It's become one of the top causes of death in that country.
Once you say that killing is an acceptable and indeed a splendid answer to human suffering, how do you limit the quote suffering that would qualify for killing?
Actually, you can't.
It's a continual process of expansion.
Wesley Smith is a lawyer, author, and chair of the Discovery Institute's Center on Human Exceptionalism.
He has been following the rise of euthanasia, also known as medically-assisted suicide and medical assistance in dying, made for over three decades.
You've seen articles in the Canadian press saying, look at the many millions of dollars we've saved for the healthcare system because of euthanasia.
Another example of objectifying people who want to be dead.
This is American Thought Leaders, and I'm Jan Jankielek.
Wesley J. Smith, such a pleasure to have you on American Thought Leaders.
Thank you.
There's been a lot of talk about MAID, or medical assistance in dying, as I understand.
That's what it means.
This is something that very quickly over past years has become, I guess you could even say commonplace in Canada.
It's a significant cause of death in Canada today.
How did this happen?
What is the reality of that, even?
Well, first, MAID is a euphemism for euthanasia.
In Canada, it's lethal injection euthanasia.
In other words, it's homicide.
It's not murder because it's legal, but it is homicide.

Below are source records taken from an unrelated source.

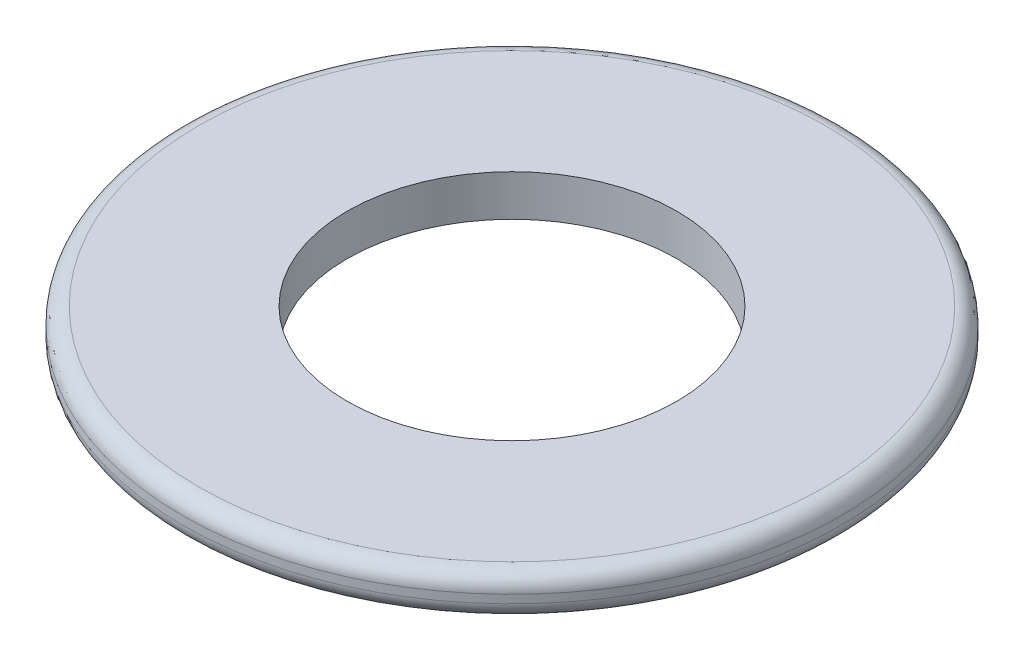
ISO-10303-21;
HEADER;
FILE_DESCRIPTION(('STEP AP214'),'2;1');
FILE_NAME('part.step','',(''),(''),'','','');
FILE_SCHEMA(('AUTOMOTIVE_DESIGN { 1 0 10303 214 1 1 1 1 }'));
ENDSEC;
DATA;
#1=APPLICATION_CONTEXT('core data for automotive mechanical design processes');
#2=APPLICATION_PROTOCOL_DEFINITION('international standard','automotive_design',2000,#1);
#3=PRODUCT_CONTEXT('',#1,'mechanical');
#4=PRODUCT('Part','Part','',(#3));
#5=PRODUCT_RELATED_PRODUCT_CATEGORY('part','',(#4));
#6=PRODUCT_DEFINITION_FORMATION('','',#4);
#7=PRODUCT_DEFINITION_CONTEXT('part definition',#1,'design');
#8=PRODUCT_DEFINITION('design','',#6,#7);
#9=PRODUCT_DEFINITION_SHAPE('','',#8);
#10=(LENGTH_UNIT() NAMED_UNIT(*) SI_UNIT(.MILLI.,.METRE.));
#11=(NAMED_UNIT(*) PLANE_ANGLE_UNIT() SI_UNIT($,.RADIAN.));
#12=(NAMED_UNIT(*) SI_UNIT($,.STERADIAN.) SOLID_ANGLE_UNIT());
#13=UNCERTAINTY_MEASURE_WITH_UNIT(LENGTH_MEASURE(1.E-05),#10,'distance_accuracy_value','');
#14=(GEOMETRIC_REPRESENTATION_CONTEXT(3) GLOBAL_UNCERTAINTY_ASSIGNED_CONTEXT((#13)) GLOBAL_UNIT_ASSIGNED_CONTEXT((#10,
#11,#12)) REPRESENTATION_CONTEXT('',''));
#15=CARTESIAN_POINT('',(0.,0.,0.));
#16=DIRECTION('',(0.,0.,1.));
#17=DIRECTION('',(1.,0.,0.));
#18=AXIS2_PLACEMENT_3D('',#15,#16,#17);
#19=CARTESIAN_POINT('',(0.,0.5,0.));
#20=DIRECTION('',(0.,1.,0.));
#21=DIRECTION('',(0.,0.,1.));
#22=AXIS2_PLACEMENT_3D('',#19,#20,#21);
#23=PLANE('',#22);
#24=CARTESIAN_POINT('',(0.,0.5,0.));
#25=DIRECTION('',(0.,1.,0.));
#26=DIRECTION('',(0.,0.,1.));
#27=AXIS2_PLACEMENT_3D('',#24,#25,#26);
#28=CIRCLE('',#27,3.8);
#29=CARTESIAN_POINT('',(0.,0.5,3.8));
#30=VERTEX_POINT('',#29);
#31=EDGE_CURVE('E46',#30,#30,#28,.T.);
#32=ORIENTED_EDGE('',*,*,#31,.T.);
#33=EDGE_LOOP('',(#32));
#34=FACE_BOUND('',#33,.T.);
#35=CARTESIAN_POINT('',(0.,0.5,0.));
#36=DIRECTION('',(0.,1.,0.));
#37=DIRECTION('',(0.,0.,1.));
#38=AXIS2_PLACEMENT_3D('',#35,#36,#37);
#39=CIRCLE('',#38,2.);
#40=CARTESIAN_POINT('',(0.,0.5,2.));
#41=VERTEX_POINT('',#40);
#42=EDGE_CURVE('E51',#41,#41,#39,.T.);
#43=ORIENTED_EDGE('',*,*,#42,.F.);
#44=EDGE_LOOP('',(#43));
#45=FACE_BOUND('',#44,.T.);
#46=ADVANCED_FACE('F31',(#34,#45),#23,.T.);
#47=CARTESIAN_POINT('',(0.,0.,0.));
#48=DIRECTION('',(0.,1.,0.));
#49=DIRECTION('',(0.,0.,1.));
#50=AXIS2_PLACEMENT_3D('',#47,#48,#49);
#51=PLANE('',#50);
#52=CARTESIAN_POINT('',(0.,0.,0.));
#53=DIRECTION('',(0.,1.,0.));
#54=DIRECTION('',(0.,0.,1.));
#55=AXIS2_PLACEMENT_3D('',#52,#53,#54);
#56=CIRCLE('',#55,3.8);
#57=CARTESIAN_POINT('',(0.,0.,3.8));
#58=VERTEX_POINT('',#57);
#59=EDGE_CURVE('E10',#58,#58,#56,.F.);
#60=ORIENTED_EDGE('',*,*,#59,.T.);
#61=EDGE_LOOP('',(#60));
#62=FACE_BOUND('',#61,.T.);
#63=CARTESIAN_POINT('',(0.,0.,0.));
#64=DIRECTION('',(0.,1.,0.));
#65=DIRECTION('',(0.,0.,1.));
#66=AXIS2_PLACEMENT_3D('',#63,#64,#65);
#67=CIRCLE('',#66,2.);
#68=CARTESIAN_POINT('',(0.,0.,2.));
#69=VERTEX_POINT('',#68);
#70=EDGE_CURVE('E52',#69,#69,#67,.T.);
#71=ORIENTED_EDGE('',*,*,#70,.T.);
#72=EDGE_LOOP('',(#71));
#73=FACE_BOUND('',#72,.T.);
#74=ADVANCED_FACE('F62',(#62,#73),#51,.F.);
#75=CARTESIAN_POINT('',(0.,0.5,0.));
#76=DIRECTION('',(0.,-1.,0.));
#77=DIRECTION('',(0.,0.,-1.));
#78=AXIS2_PLACEMENT_3D('',#75,#76,#77);
#79=CYLINDRICAL_SURFACE('',#78,4.);
#80=CARTESIAN_POINT('',(0.,0.2,0.));
#81=DIRECTION('',(0.,1.,0.));
#82=DIRECTION('',(0.,0.,1.));
#83=AXIS2_PLACEMENT_3D('',#80,#81,#82);
#84=CIRCLE('',#83,4.);
#85=CARTESIAN_POINT('',(0.,0.2,4.));
#86=VERTEX_POINT('',#85);
#87=EDGE_CURVE('E38',#86,#86,#84,.T.);
#88=ORIENTED_EDGE('',*,*,#87,.T.);
#89=EDGE_LOOP('',(#88));
#90=FACE_BOUND('',#89,.T.);
#91=CARTESIAN_POINT('',(0.,0.3,0.));
#92=DIRECTION('',(0.,1.,0.));
#93=DIRECTION('',(0.,0.,1.));
#94=AXIS2_PLACEMENT_3D('',#91,#92,#93);
#95=CIRCLE('',#94,4.);
#96=CARTESIAN_POINT('',(0.,0.3,4.));
#97=VERTEX_POINT('',#96);
#98=EDGE_CURVE('E42',#97,#97,#95,.F.);
#99=ORIENTED_EDGE('',*,*,#98,.T.);
#100=EDGE_LOOP('',(#99));
#101=FACE_BOUND('',#100,.T.);
#102=ADVANCED_FACE('F68',(#90,#101),#79,.T.);
#103=CARTESIAN_POINT('',(0.,0.5,0.));
#104=DIRECTION('',(0.,-1.,0.));
#105=DIRECTION('',(0.,0.,-1.));
#106=AXIS2_PLACEMENT_3D('',#103,#104,#105);
#107=CYLINDRICAL_SURFACE('',#106,2.);
#108=ORIENTED_EDGE('',*,*,#42,.T.);
#109=EDGE_LOOP('',(#108));
#110=FACE_BOUND('',#109,.T.);
#111=ORIENTED_EDGE('',*,*,#70,.F.);
#112=EDGE_LOOP('',(#111));
#113=FACE_BOUND('',#112,.T.);
#114=ADVANCED_FACE('F58',(#110,#113),#107,.F.);
#115=CARTESIAN_POINT('',(0.,0.3,0.));
#116=DIRECTION('',(0.,1.,0.));
#117=DIRECTION('',(0.,0.,1.));
#118=AXIS2_PLACEMENT_3D('',#115,#116,#117);
#119=TOROIDAL_SURFACE('',#118,3.8,0.2);
#120=ORIENTED_EDGE('',*,*,#98,.F.);
#121=EDGE_LOOP('',(#120));
#122=FACE_BOUND('',#121,.T.);
#123=ORIENTED_EDGE('',*,*,#31,.F.);
#124=EDGE_LOOP('',(#123));
#125=FACE_BOUND('',#124,.T.);
#126=ADVANCED_FACE('F73',(#122,#125),#119,.T.);
#127=CARTESIAN_POINT('',(0.,0.2,0.));
#128=DIRECTION('',(0.,1.,0.));
#129=DIRECTION('',(0.,0.,1.));
#130=AXIS2_PLACEMENT_3D('',#127,#128,#129);
#131=TOROIDAL_SURFACE('',#130,3.8,0.2);
#132=ORIENTED_EDGE('',*,*,#59,.F.);
#133=EDGE_LOOP('',(#132));
#134=FACE_BOUND('',#133,.T.);
#135=ORIENTED_EDGE('',*,*,#87,.F.);
#136=EDGE_LOOP('',(#135));
#137=FACE_BOUND('',#136,.T.);
#138=ADVANCED_FACE('F33',(#134,#137),#131,.T.);
#139=CLOSED_SHELL('',(#46,#74,#102,#114,#126,#138));
#140=MANIFOLD_SOLID_BREP('B2',#139);
#141=ADVANCED_BREP_SHAPE_REPRESENTATION('',(#18,#140),#14);
#142=SHAPE_DEFINITION_REPRESENTATION(#9,#141);
ENDSEC;
END-ISO-10303-21;

One human being killing another human being.
In the United States, it's so far assisted suicide where a doctor will prescribe poison, an overdose of opiates, to a patient to kill themselves with.
So MADE is something to try to deflect from the harsh darkness of that reality.
It isn't dying because they don't use the term.
They just say it's MADE in capital letters.
So what you're talking about is mercy killing or assisted suicide or euthanasia.
This began, the push for this began in earnest in the modern times in the late 80s.
Back in 1989, 1990, there was only one jurisdiction in the world that had legalized assisted suicide, and that was Switzerland.
Switzerland had done it in the 40s, and it wasn't so much part of a right to die issue because there wasn't such a movement back in the 40s.
In 1992, Oregon voters passed an assisted suicide law, 51 to 49 percent.
And since then, jurisdictions throughout the world have legalized either euthanasia or assisted suicide.
It's now legal in, I believe, 10 states in the United States.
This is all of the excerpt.